子育てを見つめ直す

育児をしているうちに、いつに間にか大事なことを忘れている時があります。忙しい生活の中で、知らないうちに疎かにしてしまうことがあります。
育児には、立ち止って振り返る時間が必要だと思います。道をまっすぐ進んでいるつもりだったのが、いつに間にか右にそれていることがあります。ひどい場合、逆行することもあります。軌道修正するために、立ち止って考えましょう。考えることが大切です。
「子どもは勝手に育つ」という人がいます。それは、子どもの周りにいる大人が、子どもにとって良い生活を送れる環境を用意している場合です。子どもが自分の力で成長し育っていくかどうかは、大人次第です。大人が好き勝手にしているのに、勝手に良い子に育つことはないと思いましょう。
子どもの全ての基盤を作る、幼児期の生活が一番大切だと思います。子どもが小学生なるまでの時間を、親は自分の生活を我慢してでも子どもに合わせていくことが必要だと思います。子どもが0歳から6歳まで、子育て最中は忙しくて大変だと思いますが、振り返ればあっという間です。後で、「もっと子どもにああしてやればよかった」と後悔するくらいなら、この時期真剣に子どもと向き合いましょう。
私の大好きな先生が、「子育ては髪振り乱して必死にやるもの。子育てを楽しむなんて幻想よ」とおっしゃっていました。「テレビやインターネットが生み出した虚像に惑わされないで。あんなイメージのせいで、子育てに悩むお母さんは、うちの子だけができていないのかな、うちだけが大変なのかなって誰にも話せなくなるのよ」ともおっしゃっていました。
0歳から6歳までの一番大切な時期をすぎてしまってから、「うちの子はこれが出来ていない!この生活習慣が身についていない!」と気づくときがあります。もっと深刻なこともありますね。親子の信頼関係ができていない事や親が子を愛せなくて苦しいこともあるでしょう。6歳までに気付いていても、出来ないままいつの間にか時間が経っている時もあります。

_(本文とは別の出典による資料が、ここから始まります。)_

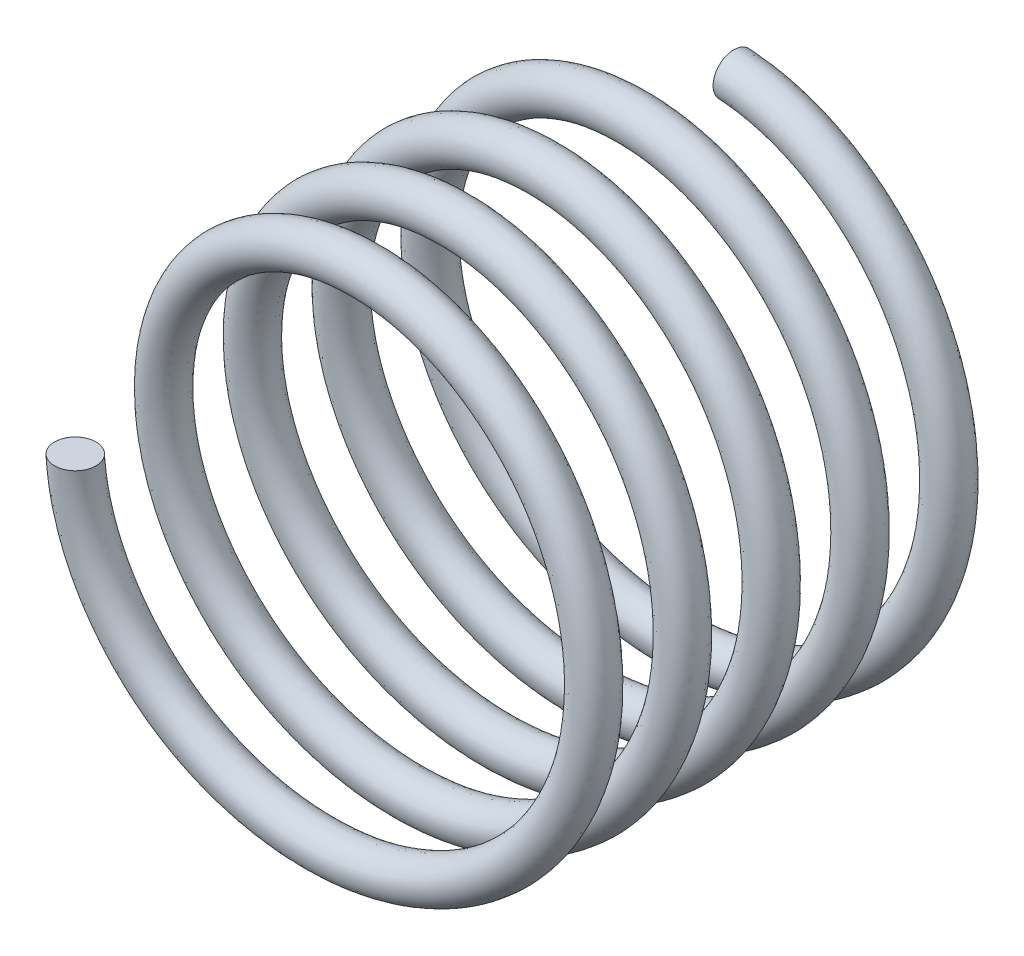
SolidWorks part; units mm, degrees
ref_plane "Front Plane" through (0, 0, 0) normal (0, 0, 1) x (1, 0, 0)
ref_plane "Top Plane" through (0, 0, 0) normal (0, 1, 0) x (1, 0, 0)
ref_plane "Right Plane" through (0, 0, 0) normal (1, 0, 0) x (0, 0, -1)
sketch "Sketch1" plane through (0, 0, 0) normal (0, 0, 1) x (1, 0, 0)
  circle A0 centre (0, 0) radius 2
  dimension "D1" = 4
curve "Helix/Spiral1" pitch 0.75 height 3.5625 turns 4.75
sketch "Sketch3" plane through (0, 0, 0) normal (0, 1, 0) x (1, 0, 0)
  circle A0 centre (-2, -3.5625) radius 0.175
  spline S0 degree 3 poles (999.938, -8.4838) (-43.677, 1.1434) (-6.9909, 0.5008) (1.4508, -0.0937) (1.8959, -0.1406) (2.0521, -0.1875) (1.8959, -0.2344) (1.451, -0.2812) (0.7853, -0.3281) (0, -0.375) (-0.7853, -0.4219) (-1.451, -0.4687) (-1.8959, -0.5156) (-2.0521, -0.5625) (-1.8959, -0.6094) (-1.451, -0.6562) (-0.7853, -0.7031) (0, -0.75) (0.7853, -0.7969) (1.451, -0.8437) (1.8959, -0.8906) (2.0521, -0.9375) (1.8959, -0.9844) (1.451, -1.0313) (0.7853, -1.0781) (0, -1.125) (-0.7853, -1.1719) (-1.451, -1.2188) (-1.8959, -1.2656) (-2.0521, -1.3125) (-1.8959, -1.3594) (-1.451, -1.4063) (-0.7853, -1.4531) (0, -1.5) (0.7853, -1.5469) (1.451, -1.5938) (1.8959, -1.6406) (2.0521, -1.6875) (1.8959, -1.7344) (1.451, -1.7813) (0.7853, -1.8281) (0, -1.875) (-0.7853, -1.9219) (-1.451, -1.9688) (-1.8959, -2.0156) (-2.0521, -2.0625) (-1.8959, -2.1094) (-1.451, -2.1563) (-0.7853, -2.2031) (0, -2.25) (0.7853, -2.2969) (1.451, -2.3438) (1.8959, -2.3906) (2.0521, -2.4375) (1.8959, -2.4844) (1.451, -2.5313) (0.7853, -2.5781) (0, -2.625) (-0.7853, -2.6719) (-1.451, -2.7188) (-1.8959, -2.7656) (-2.0521, -2.8125) (-1.8959, -2.8594) (-1.451, -2.9063) (-0.7853, -2.9531) (0, -3) (0.7853, -3.0469) (1.451, -3.0938) (1.8959, -3.1406) (2.0521, -3.1875) (1.8959, -3.2344) (1.451, -3.2813) (0.7853, -3.3281) (0, -3.375) (-0.7853, -3.4219) (-1.451, -3.4688) (-9.6667, -4.3334) (124.6646, -5.3196) (997.5241, 26.9852) knots -0.46179 -0.46179 -0.46179 -0.46179 0.013158 0.026316 0.039474 0.052632 0.065789 0.078947 0.092105 0.105263 0.118421 0.131579 0.144737 0.157895 0.171053 0.184211 0.197368 0.210526 0.223684 0.236842 0.25 0.263158 0.276316 0.289474 0.302632 0.315789 0.328947 0.342105 0.355263 0.368421 0.381579 0.394737 0.407895 0.421053 0.434211 0.447368 0.460526 0.473684 0.486842 0.5 0.513158 0.526316 0.539474 0.552632 0.565789 0.578947 0.592105 0.605263 0.618421 0.631579 0.644737 0.657895 0.671053 0.684211 0.697368 0.710526 0.723684 0.736842 0.75 0.763158 0.776316 0.789474 0.802632 0.815789 0.828947 0.842105 0.855263 0.868421 0.881579 0.894737 0.907895 0.921053 0.934211 0.947368 0.960526 0.973684 0.986842 1.689573 1.689573 1.689573 1.689573 only from (0, 0) to (-2, -3.5625) construction
  spline S1 degree 3 poles (0, 0) (0.2601, -0.0155) (0.7861, -0.0469) (1.4508, -0.0937) (1.8959, -0.1406) (2.0521, -0.1875) (1.8959, -0.2344) (1.451, -0.2812) (0.7853, -0.3281) (0, -0.375) (-0.7853, -0.4219) (-1.451, -0.4687) (-1.8959, -0.5156) (-2.0521, -0.5625) (-1.8959, -0.6094) (-1.451, -0.6562) (-0.7853, -0.7031) (0, -0.75) (0.7853, -0.7969) (1.451, -0.8437) (1.8959, -0.8906) (2.0521, -0.9375) (1.8959, -0.9844) (1.451, -1.0313) (0.7853, -1.0781) (0, -1.125) (-0.7853, -1.1719) (-1.451, -1.2188) (-1.8959, -1.2656) (-2.0521, -1.3125) (-1.8959, -1.3594) (-1.451, -1.4063) (-0.7853, -1.4531) (0, -1.5) (0.7853, -1.5469) (1.451, -1.5938) (1.8959, -1.6406) (2.0521, -1.6875) (1.8959, -1.7344) (1.451, -1.7813) (0.7853, -1.8281) (0, -1.875) (-0.7853, -1.9219) (-1.451, -1.9688) (-1.8959, -2.0156) (-2.0521, -2.0625) (-1.8959, -2.1094) (-1.451, -2.1563) (-0.7853, -2.2031) (0, -2.25) (0.7853, -2.2969) (1.451, -2.3438) (1.8959, -2.3906) (2.0521, -2.4375) (1.8959, -2.4844) (1.451, -2.5313) (0.7853, -2.5781) (0, -2.625) (-0.7853, -2.6719) (-1.451, -2.7188) (-1.8959, -2.7656) (-2.0521, -2.8125) (-1.8959, -2.8594) (-1.451, -2.9063) (-0.7853, -2.9531) (0, -3) (0.7853, -3.0469) (1.451, -3.0938) (1.8959, -3.1406) (2.0521, -3.1875) (1.8959, -3.2344) (1.451, -3.2813) (0.7853, -3.3281) (0, -3.375) (-0.7853, -3.4219) (-1.451, -3.4688) (-1.8959, -3.5156) (-2, -3.547) (-2, -3.5625) knots 0 0 0 0 0.013158 0.026316 0.039474 0.052632 0.065789 0.078947 0.092105 0.105263 0.118421 0.131579 0.144737 0.157895 0.171053 0.184211 0.197368 0.210526 0.223684 0.236842 0.25 0.263158 0.276316 0.289474 0.302632 0.315789 0.328947 0.342105 0.355263 0.368421 0.381579 0.394737 0.407895 0.421053 0.434211 0.447368 0.460526 0.473684 0.486842 0.5 0.513158 0.526316 0.539474 0.552632 0.565789 0.578947 0.592105 0.605263 0.618421 0.631579 0.644737 0.657895 0.671053 0.684211 0.697368 0.710526 0.723684 0.736842 0.75 0.763158 0.776316 0.789474 0.802632 0.815789 0.828947 0.842105 0.855263 0.868421 0.881579 0.894737 0.907895 0.921053 0.934211 0.947368 0.960526 0.973684 0.986842 1 1 1 1 construction
  dimension "D1" = 0.35
sweep "Sweep1" add profiles "Sketch3" path "Helix/Spiral1"

そんな時は、「子育てをやりなおせばいい」とS幼稚園の園長先生が教えてくれました。
S幼稚園の園長先生は、40年以上先生をされています。卒園生がどう育っていくかを見守るため、同窓会を続けています。教え子がどう成長していったかを、長年見守り続けた先生です。
その先生から「つまずきを見つけて、それと向き合うことが大事なこと」と教えられました。多くに親は、子どもに対して気付くことがあっても、それと向き合うことをやめてしまうそうです。向き合うことは、かなりのエネルギーを使うので親が諦めてしまうこともあるそうです。本気で取りかからないと、年齢が過ぎてしまっている分、子どもは抵抗しますし子ども自身が苦痛に思うこともあるでしょう。やりなおすのには、時間がかかるそうです。「年齢の倍、時間はかかると覚悟してください。」と教えてもらいました。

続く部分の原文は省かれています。